***** Dataset records

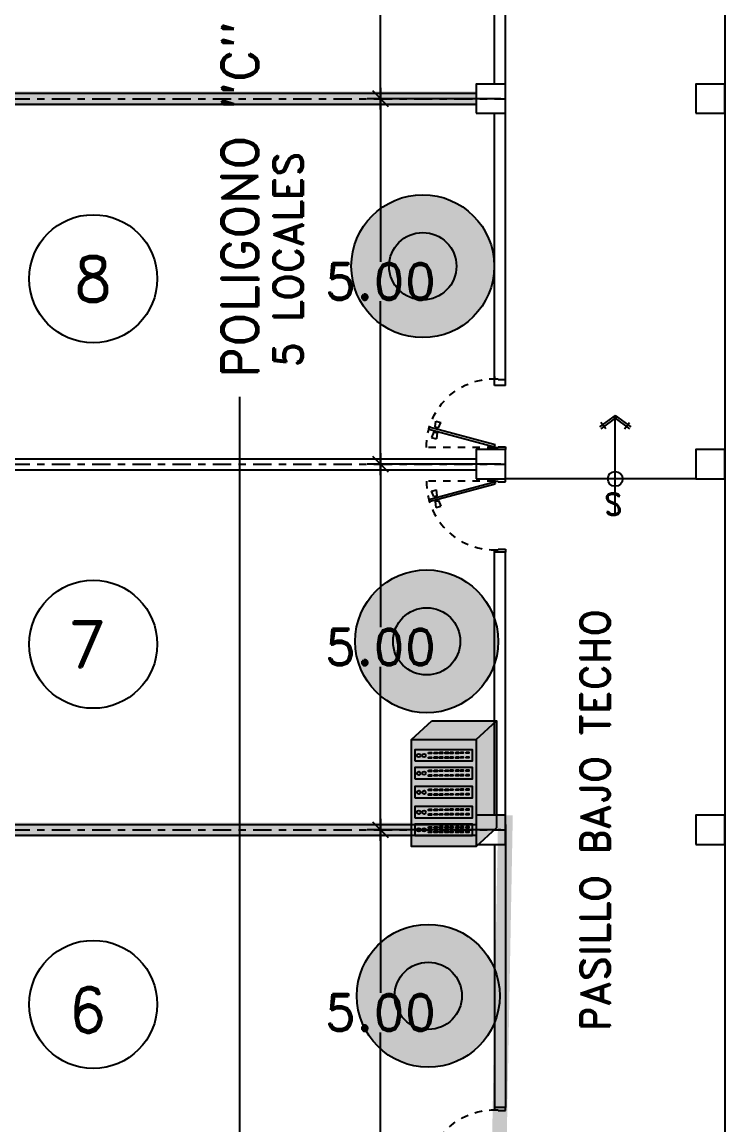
# Model space of a CAD drawing. Header units: millimetres. Extents: x 1590 to 1932, y -48 to 167.
# Drawn here: x 1639.13 to 1648.74, y 74.63 to 89.71 of the extents above; entities that cross this region are included whole.
import ezdxf
from ezdxf.enums import TextEntityAlignment as Align

# ---------------------------------------------------------------- set-up
doc = ezdxf.new("R2010")
doc.units = ezdxf.units.MM
doc.header["$LTSCALE"] = 0.1
doc.header["$MEASUREMENT"] = 0
doc.header["$PDMODE"] = 35
doc.header["$PDSIZE"] = 0.75
doc.linetypes.add('CENTERX2', pattern=[4, 2.5, -0.5, 0.5, -0.5])
doc.linetypes.add('HIDDEN2', pattern=[0.1875, 0.125, -0.0625])
doc.layers.get('0').update_dxf_attribs({"linetype": 'CONTINUOUS'})
doc.layers.get('DEFPOINTS').update_dxf_attribs({"linetype": 'CONTINUOUS'})
for name, color, linetype in [('CABLEADO', 172, 'CONTINUOUS'), ('CableadoSWACCESO', 26, 'CONTINUOUS'), ('CALLES', 3, 'CONTINUOUS'), ('CAMARAS', 253, 'CONTINUOUS'), ('ESCALERA', 1, 'CONTINUOUS'), ('PARED', 4, 'CONTINUOUS'), ("SW's Acceso", 250, 'CONTINUOUS'), ('TERRENO', 4, 'CONTINUOUS'), ('TEXT', 3, 'CONTINUOUS')]:
    doc.layers.add(name, color=color, linetype=linetype)
doc.styles.add('ROMAND', font='romand.shx')
doc.dimstyles.new('URBA', dxfattribs={"dimtxt": 20, "dimasz": 0.5, "dimexe": 1.25, "dimexo": 0.63, "dimgap": 0.63, "dimtad": 0, "dimtih": 1, "dimtoh": 1, "dimzin": 1, "dimdsep": 46, "dimtxsty": 'ROMAND', "dimcen": 2.5, "dimclrd": 1, "dimclre": 1, "dimclrt": 3, "dimadec": 0, "dimazin": 0, "dimtfac": 1, "dimtmove": 0, "dimatfit": 3, "dimfxl": 1, "dimtvp": 1, "dimtolj": 1, "dimtzin": 1, "dimarcsym": 0})

# ---------------------------------------------------------------- blocks, each defined once
blk = doc.blocks.new('P-GIRO-D')
at = {"color": 1, "linetype": 'HIDDEN2'}
blk.add_line((-0.03, 0.15), (-0.03, 1.08), dxfattribs=at)
at = {"color": 2}
for p, q in [((-0.31, 0.963), (-0.389, 0.952)), ((-0.389, 0.952), (-0.371, 0.884)), ((-0.297, 0.915), (-0.371, 0.884)), ((-0.281, 1.048), (-0.31, 1.041)), ((-0.31, 1.041), (-0.069, 0.142)), ((-0.31, 0.963), (-0.297, 0.915)), ((-0.288, 0.958), (-0.307, 0.953)), ((-0.28, 0.929), (-0.299, 0.924)), ((-0.281, 1.048), (-0.04, 0.15)), ((-0.239, 0.971), (-0.259, 0.966)), ((-0.232, 0.942), (-0.251, 0.937)), ((-0.242, 0.981), (-0.167, 1.011)), ((-0.242, 0.981), (-0.229, 0.933)), ((-0.229, 0.933), (-0.149, 0.944)), ((-0.167, 1.011), (-0.149, 0.944)), ((-1, 0.15), (-0.97, 0.15)), ((-0.96, 0), (-1, 0)), ((-0.97, 0.15), (-0.97, 0.1)), ((-0.97, 0.1), (-0.96, 0.1)), ((-0.96, 0.1), (-0.96, 0)), ((-0.04, 0.15), (-0.069, 0.142)), ((-0.04, 0.1), (-0.04, 0)), ((-0.03, 0.1), (-0.04, 0.1)), ((-0.04, 0), (0, 0)), ((-0.03, 0.15), (-0.03, 0.1)), ((0, 0.15), (-0.03, 0.15))]:
    blk.add_line(p, q, dxfattribs=at)
at = {"color": 1, "linetype": 'HIDDEN2'}
blk.add_arc((-0.04, 0.15), 0.93, 89.3839, 180, dxfattribs=at)
blk = doc.blocks.new('UTP1$0$DIMBLOCK')
at = {"color": 1}
blk.add_line((-7.5, 0), (10.5, 0), dxfattribs=at)
at = {"color": 4}
blk.add_line((-5.25, -5.25), (5.25, 5.25), dxfattribs=at)
blk = doc.blocks.new('*D198')
at = {"layer": 'CALLES', "color": 1, "linetype": 'Continuous', "transparency": 16777216}
for p, q in [((1645.673, 78.662), (1643.846, 78.662)), ((1644.026, 78.642), (1644.026, 76.432)), ((1644.026, 73.682), (1644.026, 75.892)), ((1645.673, 73.662), (1643.846, 73.662))]:
    blk.add_line(p, q, dxfattribs=at)
at = {"layer": 'DEFPOINTS', "color": 0, "linetype": 'Continuous', "transparency": 16777216}
for p in [(1644.026, 78.662), (1645.736, 78.662), (1645.736, 73.662)]:
    blk.add_point(p, dxfattribs=at)
at = {"layer": 'CALLES', "color": 1, "linetype": 'Continuous', "transparency": 16777216, "xscale": 0.02, "yscale": 0.02, "zscale": 0.02}
for p, rotation in [((1644.026, 78.662), 90), ((1644.026, 73.662), 270)]:
    blk.add_blockref('UTP1$0$DIMBLOCK', p, dxfattribs=dict(at, rotation=rotation))
at = {"layer": 'CALLES', "color": 3, "linetype": 'Continuous', "transparency": 16777216, "insert": (1644.026, 76.162), "char_height": 0.5, "attachment_point": 5, "style": 'ROMAND'}
blk.add_mtext('\\A1;5.00', dxfattribs=at)
blk = doc.blocks.new('*D199')
at = {"layer": 'CALLES', "color": 1, "linetype": 'Continuous', "transparency": 16777216}
for p, q in [((1645.673, 83.662), (1643.846, 83.662)), ((1644.026, 83.642), (1644.026, 81.432)), ((1644.026, 78.682), (1644.026, 80.892)), ((1645.673, 78.662), (1643.846, 78.662))]:
    blk.add_line(p, q, dxfattribs=at)
at = {"layer": 'DEFPOINTS', "color": 0, "linetype": 'Continuous', "transparency": 16777216}
for p in [(1644.026, 83.662), (1645.736, 83.662), (1645.736, 78.662)]:
    blk.add_point(p, dxfattribs=at)
at = {"layer": 'CALLES', "color": 1, "linetype": 'Continuous', "transparency": 16777216, "xscale": 0.02, "yscale": 0.02, "zscale": 0.02}
for p, rotation in [((1644.026, 83.662), 90), ((1644.026, 78.662), 270)]:
    blk.add_blockref('UTP1$0$DIMBLOCK', p, dxfattribs=dict(at, rotation=rotation))
at = {"layer": 'CALLES', "color": 3, "linetype": 'Continuous', "transparency": 16777216, "insert": (1644.026, 81.162), "char_height": 0.5, "attachment_point": 5, "style": 'ROMAND'}
blk.add_mtext('\\A1;5.00', dxfattribs=at)
blk = doc.blocks.new('*D200')
at = {"layer": 'CALLES', "color": 1, "linetype": 'Continuous', "transparency": 16777216}
for p, q in [((1645.673, 88.662), (1643.846, 88.662)), ((1644.026, 88.642), (1644.026, 86.432)), ((1644.026, 83.682), (1644.026, 85.892)), ((1645.673, 83.662), (1643.846, 83.662))]:
    blk.add_line(p, q, dxfattribs=at)
at = {"layer": 'DEFPOINTS', "color": 0, "linetype": 'Continuous', "transparency": 16777216}
for p in [(1644.026, 88.662), (1645.736, 88.662), (1645.736, 83.662)]:
    blk.add_point(p, dxfattribs=at)
at = {"layer": 'CALLES', "color": 1, "linetype": 'Continuous', "transparency": 16777216, "xscale": 0.02, "yscale": 0.02, "zscale": 0.02}
for p, rotation in [((1644.026, 88.662), 90), ((1644.026, 83.662), 270)]:
    blk.add_blockref('UTP1$0$DIMBLOCK', p, dxfattribs=dict(at, rotation=rotation))
at = {"layer": 'CALLES', "color": 3, "linetype": 'Continuous', "transparency": 16777216, "insert": (1644.026, 86.162), "char_height": 0.5, "attachment_point": 5, "style": 'ROMAND'}
blk.add_mtext('\\A1;5.00', dxfattribs=at)
blk = doc.blocks.new('*D201')
at = {"layer": 'CALLES', "color": 1, "linetype": 'Continuous', "transparency": 16777216}
for p, q in [((1645.673, 93.662), (1643.846, 93.662)), ((1644.026, 93.642), (1644.026, 91.432)), ((1644.026, 88.682), (1644.026, 90.892)), ((1645.673, 88.662), (1643.846, 88.662))]:
    blk.add_line(p, q, dxfattribs=at)
at = {"layer": 'DEFPOINTS', "color": 0, "linetype": 'Continuous', "transparency": 16777216}
for p in [(1644.026, 93.662), (1645.736, 93.662), (1645.736, 88.662)]:
    blk.add_point(p, dxfattribs=at)
at = {"layer": 'CALLES', "color": 1, "linetype": 'Continuous', "transparency": 16777216, "xscale": 0.02, "yscale": 0.02, "zscale": 0.02}
for p, rotation in [((1644.026, 93.662), 90), ((1644.026, 88.662), 270)]:
    blk.add_blockref('UTP1$0$DIMBLOCK', p, dxfattribs=dict(at, rotation=rotation))
at = {"layer": 'CALLES', "color": 3, "linetype": 'Continuous', "transparency": 16777216, "insert": (1644.026, 91.162), "char_height": 0.5, "attachment_point": 5, "style": 'ROMAND'}
blk.add_mtext('\\A1;5.00', dxfattribs=at)
blk = doc.blocks.new('*D350')
at = {"color": 1, "linetype": 'Continuous', "transparency": 16777216}
for p, q in [((1645.611, 98.662), (1641.926, 98.662)), ((1642.106, 98.642), (1642.106, 89.98)), ((1642.106, 73.682), (1642.106, 84.583)), ((1645.611, 73.662), (1641.926, 73.662))]:
    blk.add_line(p, q, dxfattribs=at)
at = {"layer": 'DEFPOINTS', "color": 0, "linetype": 'Continuous', "transparency": 16777216}
for p in [(1642.106, 98.662), (1645.673, 98.662), (1645.673, 73.662)]:
    blk.add_point(p, dxfattribs=at)
at = {"color": 1, "linetype": 'Continuous', "transparency": 16777216, "xscale": 0.02, "yscale": 0.02, "zscale": 0.02}
for p, rotation in [((1642.106, 98.662), 90), ((1642.106, 73.662), 270)]:
    blk.add_blockref('UTP1$0$DIMBLOCK', p, dxfattribs=dict(at, rotation=rotation))
at = {"color": 3, "linetype": 'Continuous', "transparency": 16777216, "insert": (1642.106, 87.281), "char_height": 0.5, "attachment_point": 5, "rotation": 90, "style": 'ROMAND'}
blk.add_mtext('\\A1;POLIGONO "C"', dxfattribs=at)
blk = doc.blocks.new('cams')
at = {"layer": 'CAMARAS', "linetype": 'Continuous', "true_color": 0xffffff}
h = blk.add_hatch(color=7, dxfattribs=at)
h.dxf.hatch_style = 1
h.paths.add_polyline_path([(-0.977, 0, 1), (0.977, 0, 1)])
h.paths.add_polyline_path([(0.46, 0, -1), (-0.46, 0, -1)], flags=16)
at = {"layer": 'CAMARAS', "linetype": 'Continuous', "true_color": 0x939598}
h = blk.add_hatch(color=252, dxfattribs=at)
h.dxf.hatch_style = 1
h.paths.add_polyline_path([(-0.46, 0, 1), (0.46, 0, 1)])
at = {"layer": 'CAMARAS', "color": 0, "linetype": 'Continuous'}
for radius in [0.977, 0.977, 0.977, 0.46]:
    blk.add_circle((0, 0), radius, dxfattribs=at)
blk = doc.blocks.new("Sw's")
at = {"layer": "SW's Acceso", "linetype": 'Continuous'}
h = blk.add_hatch(color=256, dxfattribs=at)
h.set_gradient(color1=(215, 235, 210), color2=(128, 128, 128), tint=1)
h.paths.add_polyline_path([(0.279, 0.256), (-0.605, 0.256), (-0.884, 0), (0, 0)])
h.paths.add_polyline_path([(0.279, 0.256), (0, 0), (0, -1.463), (0.279, -1.208)])
h = blk.add_hatch(color=256, dxfattribs=at)
h.set_gradient(color1=(192, 192, 192), color2=(99, 100, 102), tint=1)
h.paths.add_polyline_path([(-0.884, 0), (-0.884, -1.463), (0, -1.463), (0, 0)])
h.paths.add_polyline_path([(-0.05, -0.14), (-0.05, -0.293), (-0.838, -0.293), (-0.838, -0.14)], flags=16)
h.paths.add_polyline_path([(-0.761, -0.218, -1), (-0.81, -0.218, -1)], flags=0)
h.paths.add_polyline_path([(-0.689, -0.218, -1), (-0.737, -0.218, -1)], flags=0)
h.paths.add_polyline_path([(-0.65, -0.175), (-0.612, -0.175), (-0.612, -0.192), (-0.65, -0.192)], flags=0)
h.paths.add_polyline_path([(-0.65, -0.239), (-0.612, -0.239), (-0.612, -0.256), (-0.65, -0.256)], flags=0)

**********

◆ **Work required**:
Pull out all lines in the data above that include "ezdxf".

◆ **Result for this exercise**:
import ezdxf
from ezdxf.enums import TextEntityAlignment as Align
doc = ezdxf.new("R2010")
doc.units = ezdxf.units.MM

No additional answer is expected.